Rewind

Exhibition curated by Nicole Sarmiento featuring the work of Gabrielle Goliath & Dathini Mzayiya 

Rewind brings Gabrielle Goliath and Dathini Mzayiya’s visual and sonoric work to the Centre for African Studies Gallery. Both artists grapple with the complexities, contradictions and violences of the everyday in this place we call South Africa. As a title for this show, Rewind points towards questions of temporality: of going back, re-visiting, re-membering or re-living. Their work implodes on the notion that time is linear, neatly packaged into ‘pasts’, ‘presents’ and ‘futures’, presenting us with a profound commentary on the multiple temporalities we inhabit.

Neither linear nor cyclical, the work of these two artists speaks to notions of co- presence; of depth, layers and recapitulation. The violence that haunts the present is not one that we can simply call postcolonial or postapartheid. Rather, it is useful to think of events, of wounds, that are constantly repeated, relived and recapitulated, calling to mind that we live as inheritors of a past that remains difficult to name and yet oversaturates our contemporary moment. The business of naming does not elude their work, but is posed as an imperative, or a call to act, imagine and rethink the now in the context of that co-presence.

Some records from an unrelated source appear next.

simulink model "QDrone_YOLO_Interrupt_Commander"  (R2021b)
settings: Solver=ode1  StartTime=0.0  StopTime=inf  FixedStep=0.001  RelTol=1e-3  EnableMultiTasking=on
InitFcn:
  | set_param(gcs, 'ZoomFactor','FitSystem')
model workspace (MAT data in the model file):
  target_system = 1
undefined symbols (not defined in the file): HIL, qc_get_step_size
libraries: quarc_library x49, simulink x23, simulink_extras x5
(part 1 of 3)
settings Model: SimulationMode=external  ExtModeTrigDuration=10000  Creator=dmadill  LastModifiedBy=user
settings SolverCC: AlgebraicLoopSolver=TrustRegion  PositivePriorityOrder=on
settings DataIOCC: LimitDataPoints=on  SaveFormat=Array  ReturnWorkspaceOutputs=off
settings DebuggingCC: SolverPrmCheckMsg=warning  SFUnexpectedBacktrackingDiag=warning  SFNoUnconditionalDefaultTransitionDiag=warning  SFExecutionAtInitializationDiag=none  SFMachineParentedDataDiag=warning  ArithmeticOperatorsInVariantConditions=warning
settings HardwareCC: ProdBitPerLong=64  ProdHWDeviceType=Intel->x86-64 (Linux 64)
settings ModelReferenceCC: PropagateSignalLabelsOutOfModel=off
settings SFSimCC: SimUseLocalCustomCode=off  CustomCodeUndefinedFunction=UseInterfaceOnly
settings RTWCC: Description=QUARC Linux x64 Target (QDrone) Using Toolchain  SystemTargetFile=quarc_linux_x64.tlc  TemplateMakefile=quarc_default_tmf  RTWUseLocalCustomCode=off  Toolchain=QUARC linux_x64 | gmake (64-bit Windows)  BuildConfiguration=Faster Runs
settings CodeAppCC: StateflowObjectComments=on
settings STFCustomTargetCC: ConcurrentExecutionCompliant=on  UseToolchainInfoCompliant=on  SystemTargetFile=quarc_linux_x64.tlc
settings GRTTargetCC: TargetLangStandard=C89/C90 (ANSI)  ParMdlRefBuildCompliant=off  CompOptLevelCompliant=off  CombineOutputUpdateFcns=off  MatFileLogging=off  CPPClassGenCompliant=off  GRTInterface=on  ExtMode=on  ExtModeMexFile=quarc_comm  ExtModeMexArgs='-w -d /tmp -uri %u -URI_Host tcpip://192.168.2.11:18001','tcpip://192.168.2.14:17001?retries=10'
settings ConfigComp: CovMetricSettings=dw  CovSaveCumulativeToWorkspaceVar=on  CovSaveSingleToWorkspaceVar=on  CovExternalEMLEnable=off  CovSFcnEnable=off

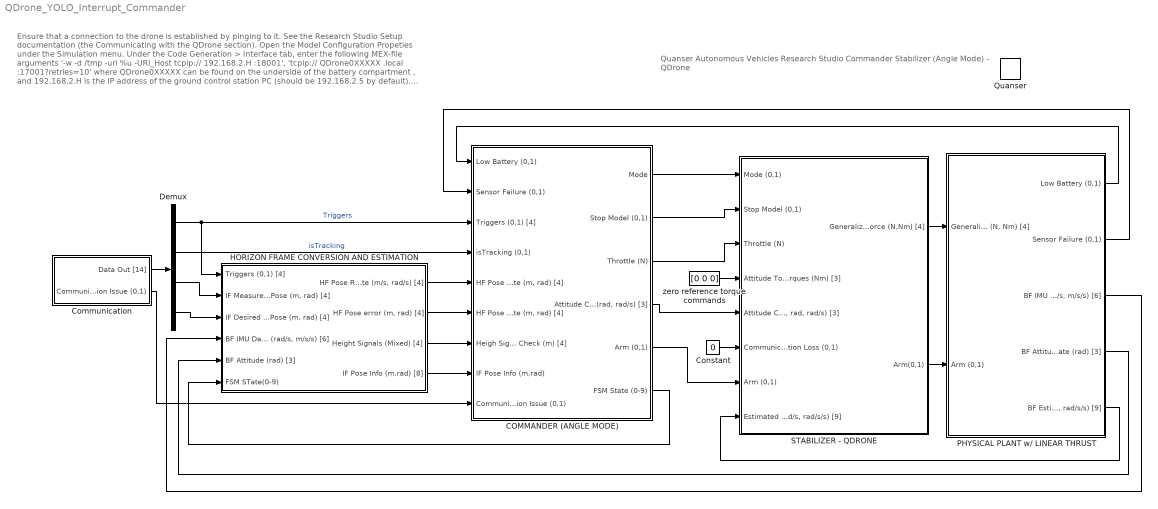
== system QDrone_YOLO_Interrupt_Commander ==
  note: Quanser Autonomous Vehicles Research Studio
      | Commander Stabilizer (Angle Mode) - QDrone
  note: Ensure that a connection to the drone is established by pinging to it. See the Research Studio Setup documentation (the Communicating with the QDrone section).
      | Open the Model Configuration Propeties under the Simulation menu.
      | Under the Code Generation > Interface tab, enter the following MEX-file arguments
      | '-w -d /tmp -uri %u -URI_Host tcpip:// 192.168.2.H :18001', 'tcpip:// QDrone0XXXXX .local :17001?retries=10'
      | where QDrone0XXXXX can be found on the underside of the battery compartment , and 192.168.2.H is the IP address of the ground control station PC (should be 192.168.2.5 by default).
      |
      | Under the QUARC menu, click on Build .
      |
      | Ensure that the associated Mission_Server model is running. If not, this model will stop immediately upon running. Click on Start under the QUARC menu.
      |
      | Ensure that the drone behaves as expected (see the steps in the associated Mission_Server model).
      | This model will automatically stop when the QDrone lands.
  COMMANDER (ANGLE MODE) : Subsystem
  Communication : Subsystem
  Constant : Constant  Value=0
  Demux : Demux  Outputs=[4 1 4 4]
  HORIZON FRAME CONVERSION AND ESTIMATION : Subsystem
  PHYSICAL PLANT w/ LINEAR THRUST : Subsystem
  Quanser : quarc_library/Logos/Quanser
  "STABILIZER - QDRONE " : Subsystem
  zero reference torque commands : Constant  Value=[0 0 0]
  wires:
  COMMANDER (ANGLE MODE)/2(Stop Model (0,1)) -> "STABILIZER - QDRONE "/2(Stop Model (0,1))
  zero reference torque commands/1 -> "STABILIZER - QDRONE "/4(Attitude Torques (Nm) [3])
  Communication/1(Data Out [14]) -> Demux/1
  PHYSICAL PLANT w/ LINEAR THRUST/1(Low Battery (0,1)) -> COMMANDER (ANGLE MODE)/1(Low Battery (0,1))
  PHYSICAL PLANT w/ LINEAR THRUST/2(Sensor Failure (0,1)) -> COMMANDER (ANGLE MODE)/2(Sensor Failure (0,1))
  Constant/1 -> "STABILIZER - QDRONE "/6(Communication Loss (0,1))
  COMMANDER (ANGLE MODE)/4("Attitude Commands (rad, rad/s) [3]") -> "STABILIZER - QDRONE "/5("Attitude Commands (rad, rad, rad/s) [3]")
  COMMANDER (ANGLE MODE)/1(Mode) -> "STABILIZER - QDRONE "/1(Mode (0,1))
  PHYSICAL PLANT w/ LINEAR THRUST/3("BF IMU Data (rad/s, m/s/s) [6]") -> HORIZON FRAME CONVERSION AND ESTIMATION/4("BF IMU Data (rad/s, m/s/s) [6]")
  Demux/3 -> HORIZON FRAME CONVERSION AND ESTIMATION/2("IF Measured Pose (m, rad) [4]")
  Demux/4 -> HORIZON FRAME CONVERSION AND ESTIMATION/3("IF Desired Pose (m, rad) [4]")
  Demux/1 -> COMMANDER (ANGLE MODE)/3(Triggers (0,1) [4]), HORIZON FRAME CONVERSION AND ESTIMATION/1(Triggers (0,1) [4])  "Triggers"
  Demux/2 -> COMMANDER (ANGLE MODE)/4(isTracking (0,1))  "isTracking"
  Communication/2(Communication Issue (0,1)) -> COMMANDER (ANGLE MODE)/9(Communication Issue (0,1))
  COMMANDER (ANGLE MODE)/6(FSM State (0-9)) -> HORIZON FRAME CONVERSION AND ESTIMATION/6(FSM STate(0-9))
  HORIZON FRAME CONVERSION AND ESTIMATION/1("HF Pose Rate Estimate (m/s, rad/s) [4]") -> COMMANDER (ANGLE MODE)/5("HF Pose Rate Estimate (m, rad) [4]")
  HORIZON FRAME CONVERSION AND ESTIMATION/2("HF Pose error (m, rad) [4]") -> COMMANDER (ANGLE MODE)/6("HF Pose Error Estimate (m, rad) [4]")
  HORIZON FRAME CONVERSION AND ESTIMATION/3(Height Signals (Mixed) [4]) -> COMMANDER (ANGLE MODE)/7(Heigh Signals Check (m) [4])
  HORIZON FRAME CONVERSION AND ESTIMATION/4(IF Pose Info (m,rad) [8]) -> COMMANDER (ANGLE MODE)/8(IF Pose Info (m,rad))
  COMMANDER (ANGLE MODE)/3(Throttle (N)) -> "STABILIZER - QDRONE "/3(Throttle (N))
  COMMANDER (ANGLE MODE)/5(Arm (0,1)) -> "STABILIZER - QDRONE "/7(Arm (0,1))
  PHYSICAL PLANT w/ LINEAR THRUST/5("BF Estimated Attitude (rad, rad/s, rad/s/s) [9]") -> "STABILIZER - QDRONE "/8("Estimated Attitude (rad, rad/s, rad/s/s) [9]")
  PHYSICAL PLANT w/ LINEAR THRUST/4(" BF Attitude Estimate (rad) [3]") -> HORIZON FRAME CONVERSION AND ESTIMATION/5(BF Attitude (rad) [3])
  "STABILIZER - QDRONE "/2(Arm(0,1)) -> PHYSICAL PLANT w/ LINEAR THRUST/2(Arm (0,1))
  "STABILIZER - QDRONE "/1(Generalized Force (N,Nm) [4]) -> PHYSICAL PLANT w/ LINEAR THRUST/1("Generalized Force (N, Nm) [4]")

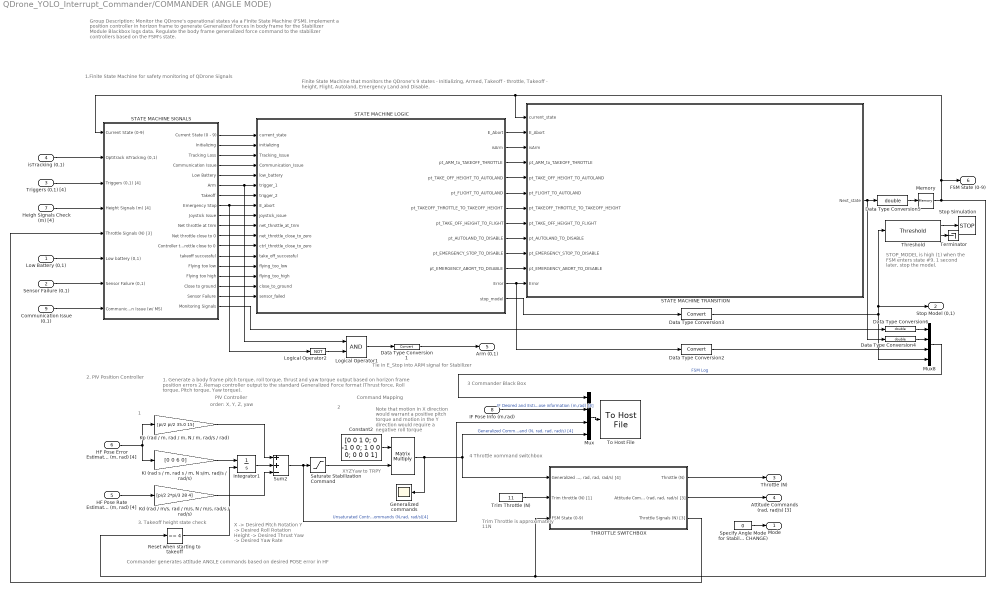
== system QDrone_YOLO_Interrupt_Commander/COMMANDER (ANGLE MODE) ==
  note: 1.Finite State Machine for safety monitoring of QDrone Signals
  note: 2. PIV Position Controller
  note: Commander generates attitude ANGLE commands based on desired POSE error in HF
  note: 3 Commander Black Box
  note: 4 Throttle xommand switchbox
  note: Group Description:
      |
      | Monitor the QDrone's operational states via a Finite State Machine (FSM).
      | Implement a position controller in horizon frame to generate Generalized Forces in body frame for the Stabilizer Module
      | Blackbox logs data.
      | Regulate the body frame generalized force command to the stabilizer controllers based on the FSM's state.
  note: Trim Throttle is approximately 11N
  note: Note that motion in X direction would warrant a positive pitch torque
      | and motion in the Y direction would require a negative roll torque
  note: Command Mapping
  note: XYZYaw to TRPY
  note: 1
  note: 3. Takeoff height state check
  note: order: X, Y, Z, yaw
  note: 1. Generate a body frame pitch torque, roll torque, thrust and yaw torque output based on horizon frame position errors
      | 2. Remap controller output to the standard Generalized Force format (Thrust force, Roll torque, Pitch torque, Yaw torque).
  note: 2
  note: PIV Controller
  note: X -> Desired Pitch Rotation
      | Y -> Desired Roll Rotation
      | Height -> Desired Thrust
      | Yaw -> Desired Yaw Rate
  note: Finite State Machine that monitors the QDrone's 9 states - Initializing, Armed, Takeoff - throttle, Takeoff - height, Flight, Autoland, Emergency Land and Disable.
  note: Tie in E_Stop into ARM signal for Stabilizer
  note: STOP_MODEL is high (1) when
      | the FSM enters state #9.
      | 1 second later, stop the model.
  Low Battery (0,1) : Inport
  Sensor Failure (0,1) : Inport  Port=2
  Triggers (0,1) [4] : Inport  Port=3
  isTracking (0,1) : Inport  Port=4
  "HF Pose Rate Estimate (m, rad) [4]" : Inport  Port=5
  "HF Pose Error Estimate (m, rad) [4]" : Inport  Port=6
  Heigh Signals Check (m) [4] : Inport  Port=7
  IF Pose Info (m,rad) : Inport  Port=8
  Communication Issue (0,1) : Inport  Port=9
  " " : Product  Multiplication=Matrix(*)
  Constant2 : Constant  Value=[0 0 1 0; 0 -1 0 0; 1 0 0 0; 0 0 0 1]
  Data Type Conversion1 : DataTypeConversion
  Data Type Conversion2 : DataTypeConversion
  Data Type Conversion3 : DataTypeConversion
  Data Type Conversion4 : DataTypeConversion  OutDataTypeStr=double
  Data Type Conversion5 : DataTypeConversion  OutDataTypeStr=double
  Data Type Conversion6 : DataTypeConversion  OutDataTypeStr=double
  "Generalized commands " : Scope
  Integrator1 : Integrator  ExternalReset=rising  LimitOutput=on  UpperSaturationLimit=[0.26 0.33 15 0.05].*0.75  LowerSaturationLimit=[-0.26 -0.33 -15 -0.05].*0.75
  "Kd (rad / m/s, rad / m/s, N / m/s, rad/s / rad/s)" : Gain  Gain=[pi/2 2*pi/3 28 4]
  "Ki (rad s / m, rad s / m, N s/m, rad/s / rad/s)" : Gain  Gain=[0 0 6 0]
  "Kp (rad / m, rad / m, N / m, rad/s / rad)" : Gain  Gain=[pi/2 pi/2 35.0 15]
  Logical Operator1 : Logic  AllPortsSameDT=off  OutDataTypeStr=boolean
  Logical Operator2 : Logic  Operator=NOT  AllPortsSameDT=off  OutDataTypeStr=boolean
  Memory : Memory  InitialCondition=1
  Mux : Mux
  Mux8 : Mux  Inputs=[17 1 1 1]
  Reset when starting to takeoff : simulink/Logic and Bit Operations/Compare To Constant  relop===  const=4  OutDataTypeStr=boolean
  STATE MACHINE LOGIC : MATLAB Function  TreatAsAtomicUnit=on
  STATE MACHINE SIGNALS : Subsystem
  STATE MACHINE TRANSITION : MATLAB Function  TreatAsAtomicUnit=on
  Saturate Stabilization Command : Saturate  UpperLimit=[pi/4 pi/4 35 100*pi/180]  LowerLimit=[-pi/4 -pi/4 -35 -100*pi/180]
  Specify Angle Mode for Stabilizer (DO NOT CHANGE) : Constant  Value=0
  Stop Simulation : Stop
  Sum2 : Sum  Inputs=++-
  "THROTTLE SWITCHBOX " : Subsystem
  Terminator : Terminator
  Threshold : quarc_library/Discontinuities/Threshold  operator=>=  param_src=Specify via dialog  threshold=0.5  duration=1
      settings: SourceProductName=QUARC Targets
  To Host File : quarc_library/Sinks/To Host/To Host File  file_name=saved_data/%m/Commander_%{date}_%{time}.mat  variable_name=commander_data  decimation=1  sample_time=-1  file_format=MAT-file v.5  options=No header or footer  append=off  final_file_name=saved_data/QDrone_YOLO_Interrupt_Commander/Commander_15-Sep-2026_10-49-51.mat  bitrate=2000000
  "Trim Throttle (N) " : Constant  Value=11
  Mode : Outport  VectorParamsAs1DForOutWhenUnconnected=off
  Stop Model (0,1) : Outport  Port=2  VectorParamsAs1DForOutWhenUnconnected=off
  Throttle (N) : Outport  Port=3  VectorParamsAs1DForOutWhenUnconnected=off
  "Attitude Commands (rad, rad/s) [3]" : Outport  Port=4  VectorParamsAs1DForOutWhenUnconnected=off
  Arm (0,1) : Outport  Port=5  VectorParamsAs1DForOutWhenUnconnected=off
  FSM State (0-9) : Outport  Port=6  VectorParamsAs1DForOutWhenUnconnected=off
  wires:
  Mux8/1 -> Mux/1  "FSM Log"
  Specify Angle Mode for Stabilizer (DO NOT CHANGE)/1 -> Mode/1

This October, 2012, we mark not only the recent tragedy at Marikana, but we do so while also re-calling Sharpeville, Soweto, Jagersfontein. Further away, we remember the invasion of Grenada and the loss of Maurice Bishop. We recently marked the anniversary of another loss, that of the great ancestor Steven Biko. Mzayiya’s work forces us to take a critical look at today in the context of the past, and those events we still mourn and have yet to name. Goliath’s very personal journey, and her ceremonial treatment of the singularity of a life, speaks to a kind of violence that is so normalized it is not regarded as anything worth marking. Her work delves into what are viewed as ‘micro’ events, pushed outside the sphere of that which is deemed publicly grievable. Rewind, not as a verb, but as a directive, an imperative to imagine alternative ways of mourning, but also imagining other possible, more human possibilities of life on this planet today.